**Exercise:** Filter these entries down to lines holding "sinefreq".

(Source records)

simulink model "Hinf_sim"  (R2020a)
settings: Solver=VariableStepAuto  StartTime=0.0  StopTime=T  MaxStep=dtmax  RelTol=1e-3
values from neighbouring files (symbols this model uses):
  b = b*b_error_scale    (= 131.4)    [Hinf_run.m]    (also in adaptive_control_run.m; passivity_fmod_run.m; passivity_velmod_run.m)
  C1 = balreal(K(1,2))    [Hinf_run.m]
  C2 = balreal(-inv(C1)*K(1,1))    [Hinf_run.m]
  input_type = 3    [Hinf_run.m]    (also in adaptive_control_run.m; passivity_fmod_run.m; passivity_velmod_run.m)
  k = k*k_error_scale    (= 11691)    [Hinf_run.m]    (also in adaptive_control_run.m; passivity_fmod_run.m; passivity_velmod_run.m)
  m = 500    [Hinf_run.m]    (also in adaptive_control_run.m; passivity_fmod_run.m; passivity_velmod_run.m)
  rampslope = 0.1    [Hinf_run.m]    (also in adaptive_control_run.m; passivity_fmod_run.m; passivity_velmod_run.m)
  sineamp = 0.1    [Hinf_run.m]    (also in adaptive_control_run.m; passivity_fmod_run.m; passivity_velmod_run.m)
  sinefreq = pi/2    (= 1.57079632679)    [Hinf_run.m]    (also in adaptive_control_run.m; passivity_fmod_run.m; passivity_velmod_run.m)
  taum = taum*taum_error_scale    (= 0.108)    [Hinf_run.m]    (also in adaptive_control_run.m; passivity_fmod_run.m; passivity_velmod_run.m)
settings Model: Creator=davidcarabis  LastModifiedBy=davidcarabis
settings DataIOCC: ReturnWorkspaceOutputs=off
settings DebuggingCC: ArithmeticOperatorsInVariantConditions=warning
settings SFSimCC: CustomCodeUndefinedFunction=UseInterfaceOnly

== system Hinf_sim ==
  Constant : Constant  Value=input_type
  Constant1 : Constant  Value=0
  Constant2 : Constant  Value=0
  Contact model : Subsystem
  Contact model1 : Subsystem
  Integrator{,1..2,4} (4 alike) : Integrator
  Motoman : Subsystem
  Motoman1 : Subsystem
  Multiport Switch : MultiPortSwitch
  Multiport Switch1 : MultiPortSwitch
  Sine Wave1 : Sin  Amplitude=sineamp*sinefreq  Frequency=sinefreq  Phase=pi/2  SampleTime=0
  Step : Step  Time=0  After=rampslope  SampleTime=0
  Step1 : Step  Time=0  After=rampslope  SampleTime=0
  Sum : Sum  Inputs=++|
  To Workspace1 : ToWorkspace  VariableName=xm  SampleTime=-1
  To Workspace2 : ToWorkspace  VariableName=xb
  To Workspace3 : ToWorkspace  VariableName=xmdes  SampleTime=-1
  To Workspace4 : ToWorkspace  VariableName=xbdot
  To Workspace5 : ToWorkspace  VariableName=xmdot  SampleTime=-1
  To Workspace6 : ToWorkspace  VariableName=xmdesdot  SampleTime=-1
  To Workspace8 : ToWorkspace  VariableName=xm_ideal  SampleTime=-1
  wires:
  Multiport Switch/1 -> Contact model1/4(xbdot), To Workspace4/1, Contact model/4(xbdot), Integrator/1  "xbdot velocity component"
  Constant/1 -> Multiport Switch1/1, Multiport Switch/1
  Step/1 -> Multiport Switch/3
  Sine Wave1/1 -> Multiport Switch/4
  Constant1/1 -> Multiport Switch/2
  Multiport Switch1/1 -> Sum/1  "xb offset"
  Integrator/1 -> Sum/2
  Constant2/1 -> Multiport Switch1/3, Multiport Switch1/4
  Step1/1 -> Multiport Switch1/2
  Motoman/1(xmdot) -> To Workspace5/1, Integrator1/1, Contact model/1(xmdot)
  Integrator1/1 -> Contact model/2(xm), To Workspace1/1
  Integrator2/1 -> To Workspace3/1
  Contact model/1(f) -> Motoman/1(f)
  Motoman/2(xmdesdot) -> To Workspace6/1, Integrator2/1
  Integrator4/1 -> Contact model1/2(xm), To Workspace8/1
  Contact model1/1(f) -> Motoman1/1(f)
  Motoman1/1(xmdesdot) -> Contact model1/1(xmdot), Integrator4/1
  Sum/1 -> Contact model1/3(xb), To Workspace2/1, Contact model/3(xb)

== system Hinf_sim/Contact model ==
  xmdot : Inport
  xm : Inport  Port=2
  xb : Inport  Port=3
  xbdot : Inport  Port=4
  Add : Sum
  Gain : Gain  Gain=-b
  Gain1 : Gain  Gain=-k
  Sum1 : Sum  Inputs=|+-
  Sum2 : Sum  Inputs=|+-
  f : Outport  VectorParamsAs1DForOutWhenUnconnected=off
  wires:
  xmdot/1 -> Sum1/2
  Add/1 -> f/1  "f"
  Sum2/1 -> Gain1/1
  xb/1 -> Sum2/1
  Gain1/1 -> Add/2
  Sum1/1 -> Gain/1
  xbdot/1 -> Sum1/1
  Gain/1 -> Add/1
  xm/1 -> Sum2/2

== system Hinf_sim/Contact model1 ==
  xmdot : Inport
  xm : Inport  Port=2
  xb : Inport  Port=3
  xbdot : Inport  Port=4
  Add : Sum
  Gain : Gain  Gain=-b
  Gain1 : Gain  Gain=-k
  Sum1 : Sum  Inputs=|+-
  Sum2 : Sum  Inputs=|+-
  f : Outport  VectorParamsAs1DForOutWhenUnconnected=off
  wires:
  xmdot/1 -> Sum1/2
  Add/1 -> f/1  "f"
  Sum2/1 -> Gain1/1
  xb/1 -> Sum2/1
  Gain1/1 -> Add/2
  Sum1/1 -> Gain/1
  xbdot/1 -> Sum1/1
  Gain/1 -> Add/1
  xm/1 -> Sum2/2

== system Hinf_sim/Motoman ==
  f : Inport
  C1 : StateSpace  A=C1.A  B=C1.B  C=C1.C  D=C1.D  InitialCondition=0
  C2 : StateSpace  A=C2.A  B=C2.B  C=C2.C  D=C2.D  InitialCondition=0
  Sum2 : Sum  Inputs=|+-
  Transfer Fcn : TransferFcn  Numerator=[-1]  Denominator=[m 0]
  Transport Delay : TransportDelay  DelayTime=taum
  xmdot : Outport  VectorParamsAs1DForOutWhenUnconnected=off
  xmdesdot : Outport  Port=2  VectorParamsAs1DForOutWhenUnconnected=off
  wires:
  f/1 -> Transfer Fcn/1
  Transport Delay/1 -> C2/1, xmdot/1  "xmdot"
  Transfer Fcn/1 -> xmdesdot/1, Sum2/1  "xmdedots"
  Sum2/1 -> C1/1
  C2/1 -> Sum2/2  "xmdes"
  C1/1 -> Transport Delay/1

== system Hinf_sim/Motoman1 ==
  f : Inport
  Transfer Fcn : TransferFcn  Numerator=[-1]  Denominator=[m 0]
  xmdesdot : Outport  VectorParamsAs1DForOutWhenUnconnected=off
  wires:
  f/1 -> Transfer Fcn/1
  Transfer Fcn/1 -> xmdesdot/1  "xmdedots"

**The answer:**
  sinefreq = pi/2    (= 1.57079632679)    [Hinf_run.m]    (also in adaptive_control_run.m; passivity_fmod_run.m; passivity_velmod_run.m)
  Sine Wave1 : Sin  Amplitude=sineamp*sinefreq  Frequency=sinefreq  Phase=pi/2  SampleTime=0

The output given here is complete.